**Assignment**.
Copy nothing but the lines below running from the line containing "#134=VECTOR('',#133,1.);" through the line containing "#146=AXIS2_PLACEMENT_3D('',#143,#144,#145);", both end lines included.

**Dataset entries**.
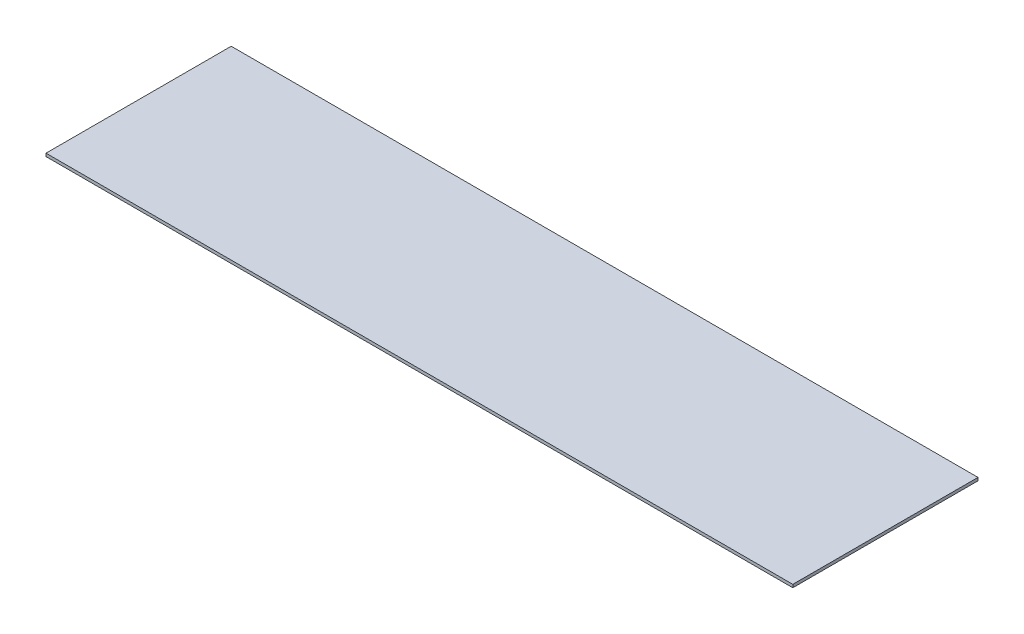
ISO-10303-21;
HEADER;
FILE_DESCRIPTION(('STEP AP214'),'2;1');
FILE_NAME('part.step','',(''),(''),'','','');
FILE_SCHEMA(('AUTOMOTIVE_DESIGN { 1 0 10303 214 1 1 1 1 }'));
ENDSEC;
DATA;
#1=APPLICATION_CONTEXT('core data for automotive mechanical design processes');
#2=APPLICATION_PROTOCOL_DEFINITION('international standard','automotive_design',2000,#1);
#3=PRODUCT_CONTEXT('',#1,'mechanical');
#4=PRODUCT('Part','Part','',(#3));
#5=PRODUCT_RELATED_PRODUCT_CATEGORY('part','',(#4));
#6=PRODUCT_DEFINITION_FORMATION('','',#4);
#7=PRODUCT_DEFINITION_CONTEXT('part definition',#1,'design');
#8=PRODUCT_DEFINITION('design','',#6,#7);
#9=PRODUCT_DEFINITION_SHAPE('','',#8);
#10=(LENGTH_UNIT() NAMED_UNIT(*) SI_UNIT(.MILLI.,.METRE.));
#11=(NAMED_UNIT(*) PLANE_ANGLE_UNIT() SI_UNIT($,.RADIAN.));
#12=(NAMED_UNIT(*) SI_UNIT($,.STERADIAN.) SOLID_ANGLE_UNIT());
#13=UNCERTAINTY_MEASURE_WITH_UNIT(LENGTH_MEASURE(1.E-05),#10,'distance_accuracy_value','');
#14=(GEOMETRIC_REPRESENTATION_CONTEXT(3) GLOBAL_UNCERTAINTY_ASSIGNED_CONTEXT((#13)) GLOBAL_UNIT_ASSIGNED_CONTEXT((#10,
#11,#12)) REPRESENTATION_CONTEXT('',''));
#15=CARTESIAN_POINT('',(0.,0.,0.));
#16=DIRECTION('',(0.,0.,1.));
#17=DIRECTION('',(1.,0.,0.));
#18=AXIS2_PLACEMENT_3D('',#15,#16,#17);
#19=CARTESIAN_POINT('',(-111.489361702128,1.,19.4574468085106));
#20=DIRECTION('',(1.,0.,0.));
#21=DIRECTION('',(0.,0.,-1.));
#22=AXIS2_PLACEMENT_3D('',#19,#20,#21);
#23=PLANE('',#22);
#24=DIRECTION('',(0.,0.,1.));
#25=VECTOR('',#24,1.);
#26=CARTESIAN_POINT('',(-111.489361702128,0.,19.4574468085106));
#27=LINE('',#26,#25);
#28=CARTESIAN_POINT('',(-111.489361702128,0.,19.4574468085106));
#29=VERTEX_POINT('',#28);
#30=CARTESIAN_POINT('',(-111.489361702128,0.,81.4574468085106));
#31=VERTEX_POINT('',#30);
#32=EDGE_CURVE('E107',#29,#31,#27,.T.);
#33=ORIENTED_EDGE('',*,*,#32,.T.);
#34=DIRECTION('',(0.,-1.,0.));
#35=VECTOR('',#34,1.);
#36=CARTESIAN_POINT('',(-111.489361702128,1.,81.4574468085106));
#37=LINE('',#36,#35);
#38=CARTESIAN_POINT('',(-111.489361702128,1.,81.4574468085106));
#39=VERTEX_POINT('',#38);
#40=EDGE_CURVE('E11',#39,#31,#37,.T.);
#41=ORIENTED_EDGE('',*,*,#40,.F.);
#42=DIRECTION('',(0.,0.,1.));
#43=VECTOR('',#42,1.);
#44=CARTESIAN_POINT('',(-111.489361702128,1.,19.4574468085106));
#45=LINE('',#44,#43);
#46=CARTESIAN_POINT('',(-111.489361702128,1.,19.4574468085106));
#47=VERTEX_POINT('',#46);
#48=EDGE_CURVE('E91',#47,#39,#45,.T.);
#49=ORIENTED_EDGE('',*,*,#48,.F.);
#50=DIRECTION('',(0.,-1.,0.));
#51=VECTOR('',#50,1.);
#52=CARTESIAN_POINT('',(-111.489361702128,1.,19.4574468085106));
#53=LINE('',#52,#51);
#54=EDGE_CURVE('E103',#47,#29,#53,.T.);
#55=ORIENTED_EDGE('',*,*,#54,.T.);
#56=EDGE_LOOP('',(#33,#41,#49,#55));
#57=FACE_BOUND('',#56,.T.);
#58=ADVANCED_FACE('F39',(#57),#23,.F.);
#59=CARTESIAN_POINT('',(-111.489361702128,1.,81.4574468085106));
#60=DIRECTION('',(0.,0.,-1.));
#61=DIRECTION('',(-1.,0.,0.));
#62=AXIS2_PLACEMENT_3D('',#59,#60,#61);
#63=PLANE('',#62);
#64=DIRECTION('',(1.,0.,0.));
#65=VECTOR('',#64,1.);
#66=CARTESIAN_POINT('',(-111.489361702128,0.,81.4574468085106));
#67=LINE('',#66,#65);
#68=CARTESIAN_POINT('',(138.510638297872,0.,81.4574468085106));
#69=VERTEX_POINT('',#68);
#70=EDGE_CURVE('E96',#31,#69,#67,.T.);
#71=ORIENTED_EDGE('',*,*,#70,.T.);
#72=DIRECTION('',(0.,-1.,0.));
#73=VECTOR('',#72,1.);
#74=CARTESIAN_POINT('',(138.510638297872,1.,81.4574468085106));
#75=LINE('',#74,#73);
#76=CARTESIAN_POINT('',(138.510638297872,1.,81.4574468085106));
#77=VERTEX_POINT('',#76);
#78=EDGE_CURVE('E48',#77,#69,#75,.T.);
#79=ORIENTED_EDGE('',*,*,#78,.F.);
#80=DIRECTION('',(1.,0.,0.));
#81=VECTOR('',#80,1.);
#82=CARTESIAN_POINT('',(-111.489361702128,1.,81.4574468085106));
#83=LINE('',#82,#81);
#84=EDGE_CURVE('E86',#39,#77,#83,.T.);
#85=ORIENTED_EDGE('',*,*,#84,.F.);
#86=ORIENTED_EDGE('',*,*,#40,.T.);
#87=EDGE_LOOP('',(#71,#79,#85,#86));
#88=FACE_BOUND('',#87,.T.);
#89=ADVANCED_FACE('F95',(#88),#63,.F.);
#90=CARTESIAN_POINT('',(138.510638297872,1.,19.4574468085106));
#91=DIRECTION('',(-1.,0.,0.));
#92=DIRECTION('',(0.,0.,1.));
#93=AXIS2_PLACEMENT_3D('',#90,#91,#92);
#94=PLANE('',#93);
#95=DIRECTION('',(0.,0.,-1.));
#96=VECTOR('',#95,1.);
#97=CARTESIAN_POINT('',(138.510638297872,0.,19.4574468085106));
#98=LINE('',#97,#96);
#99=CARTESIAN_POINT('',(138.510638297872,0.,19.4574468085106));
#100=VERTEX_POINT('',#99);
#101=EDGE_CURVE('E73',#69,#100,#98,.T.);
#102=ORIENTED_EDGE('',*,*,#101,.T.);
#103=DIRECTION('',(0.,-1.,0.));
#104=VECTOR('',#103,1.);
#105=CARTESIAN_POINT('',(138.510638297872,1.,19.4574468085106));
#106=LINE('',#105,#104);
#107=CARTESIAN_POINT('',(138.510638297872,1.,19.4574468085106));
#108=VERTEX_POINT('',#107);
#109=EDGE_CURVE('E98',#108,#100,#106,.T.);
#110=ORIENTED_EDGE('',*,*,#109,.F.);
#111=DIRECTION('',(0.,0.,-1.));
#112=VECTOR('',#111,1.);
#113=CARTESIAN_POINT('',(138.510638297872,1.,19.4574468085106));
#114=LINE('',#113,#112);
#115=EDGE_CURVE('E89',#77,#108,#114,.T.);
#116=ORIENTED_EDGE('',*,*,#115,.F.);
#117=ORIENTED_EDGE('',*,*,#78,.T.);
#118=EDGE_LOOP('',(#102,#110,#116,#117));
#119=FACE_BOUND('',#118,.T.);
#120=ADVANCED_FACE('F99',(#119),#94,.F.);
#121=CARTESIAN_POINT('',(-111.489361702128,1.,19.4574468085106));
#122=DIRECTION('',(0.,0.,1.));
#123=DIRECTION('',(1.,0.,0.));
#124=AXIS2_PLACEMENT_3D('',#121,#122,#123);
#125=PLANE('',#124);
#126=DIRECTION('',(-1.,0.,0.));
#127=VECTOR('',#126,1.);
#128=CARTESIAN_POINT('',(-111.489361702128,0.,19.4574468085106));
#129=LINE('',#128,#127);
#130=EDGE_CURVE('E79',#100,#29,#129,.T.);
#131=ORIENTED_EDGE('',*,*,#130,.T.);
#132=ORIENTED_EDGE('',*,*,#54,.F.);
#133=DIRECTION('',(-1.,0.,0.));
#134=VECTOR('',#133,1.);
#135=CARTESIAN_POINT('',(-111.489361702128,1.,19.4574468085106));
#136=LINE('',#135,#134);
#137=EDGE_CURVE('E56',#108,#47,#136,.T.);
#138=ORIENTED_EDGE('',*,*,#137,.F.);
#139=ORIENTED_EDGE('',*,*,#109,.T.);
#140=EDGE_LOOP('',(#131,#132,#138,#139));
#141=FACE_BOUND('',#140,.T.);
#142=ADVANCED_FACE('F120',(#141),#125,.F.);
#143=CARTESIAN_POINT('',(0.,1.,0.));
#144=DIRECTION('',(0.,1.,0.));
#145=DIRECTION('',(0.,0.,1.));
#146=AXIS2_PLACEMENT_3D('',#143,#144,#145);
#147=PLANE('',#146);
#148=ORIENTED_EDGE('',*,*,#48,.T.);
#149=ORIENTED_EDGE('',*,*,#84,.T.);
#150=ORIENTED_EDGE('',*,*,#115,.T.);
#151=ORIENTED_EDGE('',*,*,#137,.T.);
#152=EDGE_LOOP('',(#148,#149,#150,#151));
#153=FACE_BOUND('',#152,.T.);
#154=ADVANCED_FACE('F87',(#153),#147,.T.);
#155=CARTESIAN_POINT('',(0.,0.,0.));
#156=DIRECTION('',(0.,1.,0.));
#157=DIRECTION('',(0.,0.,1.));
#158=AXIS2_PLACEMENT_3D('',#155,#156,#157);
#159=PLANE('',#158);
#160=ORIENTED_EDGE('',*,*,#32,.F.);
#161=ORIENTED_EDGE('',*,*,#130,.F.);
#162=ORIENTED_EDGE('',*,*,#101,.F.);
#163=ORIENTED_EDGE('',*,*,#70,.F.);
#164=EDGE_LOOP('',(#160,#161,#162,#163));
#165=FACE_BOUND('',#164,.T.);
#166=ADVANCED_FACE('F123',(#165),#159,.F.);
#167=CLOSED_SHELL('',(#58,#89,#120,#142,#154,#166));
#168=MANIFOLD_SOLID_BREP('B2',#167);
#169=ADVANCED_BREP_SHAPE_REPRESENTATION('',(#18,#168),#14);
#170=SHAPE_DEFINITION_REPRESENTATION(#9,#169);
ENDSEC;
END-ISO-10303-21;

**Your solution**.
#134=VECTOR('',#133,1.);
#135=CARTESIAN_POINT('',(-111.489361702128,1.,19.4574468085106));
#136=LINE('',#135,#134);
#137=EDGE_CURVE('E56',#108,#47,#136,.T.);
#138=ORIENTED_EDGE('',*,*,#137,.F.);
#139=ORIENTED_EDGE('',*,*,#109,.T.);
#140=EDGE_LOOP('',(#131,#132,#138,#139));
#141=FACE_BOUND('',#140,.T.);
#142=ADVANCED_FACE('F120',(#141),#125,.F.);
#143=CARTESIAN_POINT('',(0.,1.,0.));
#144=DIRECTION('',(0.,1.,0.));
#145=DIRECTION('',(0.,0.,1.));
#146=AXIS2_PLACEMENT_3D('',#143,#144,#145);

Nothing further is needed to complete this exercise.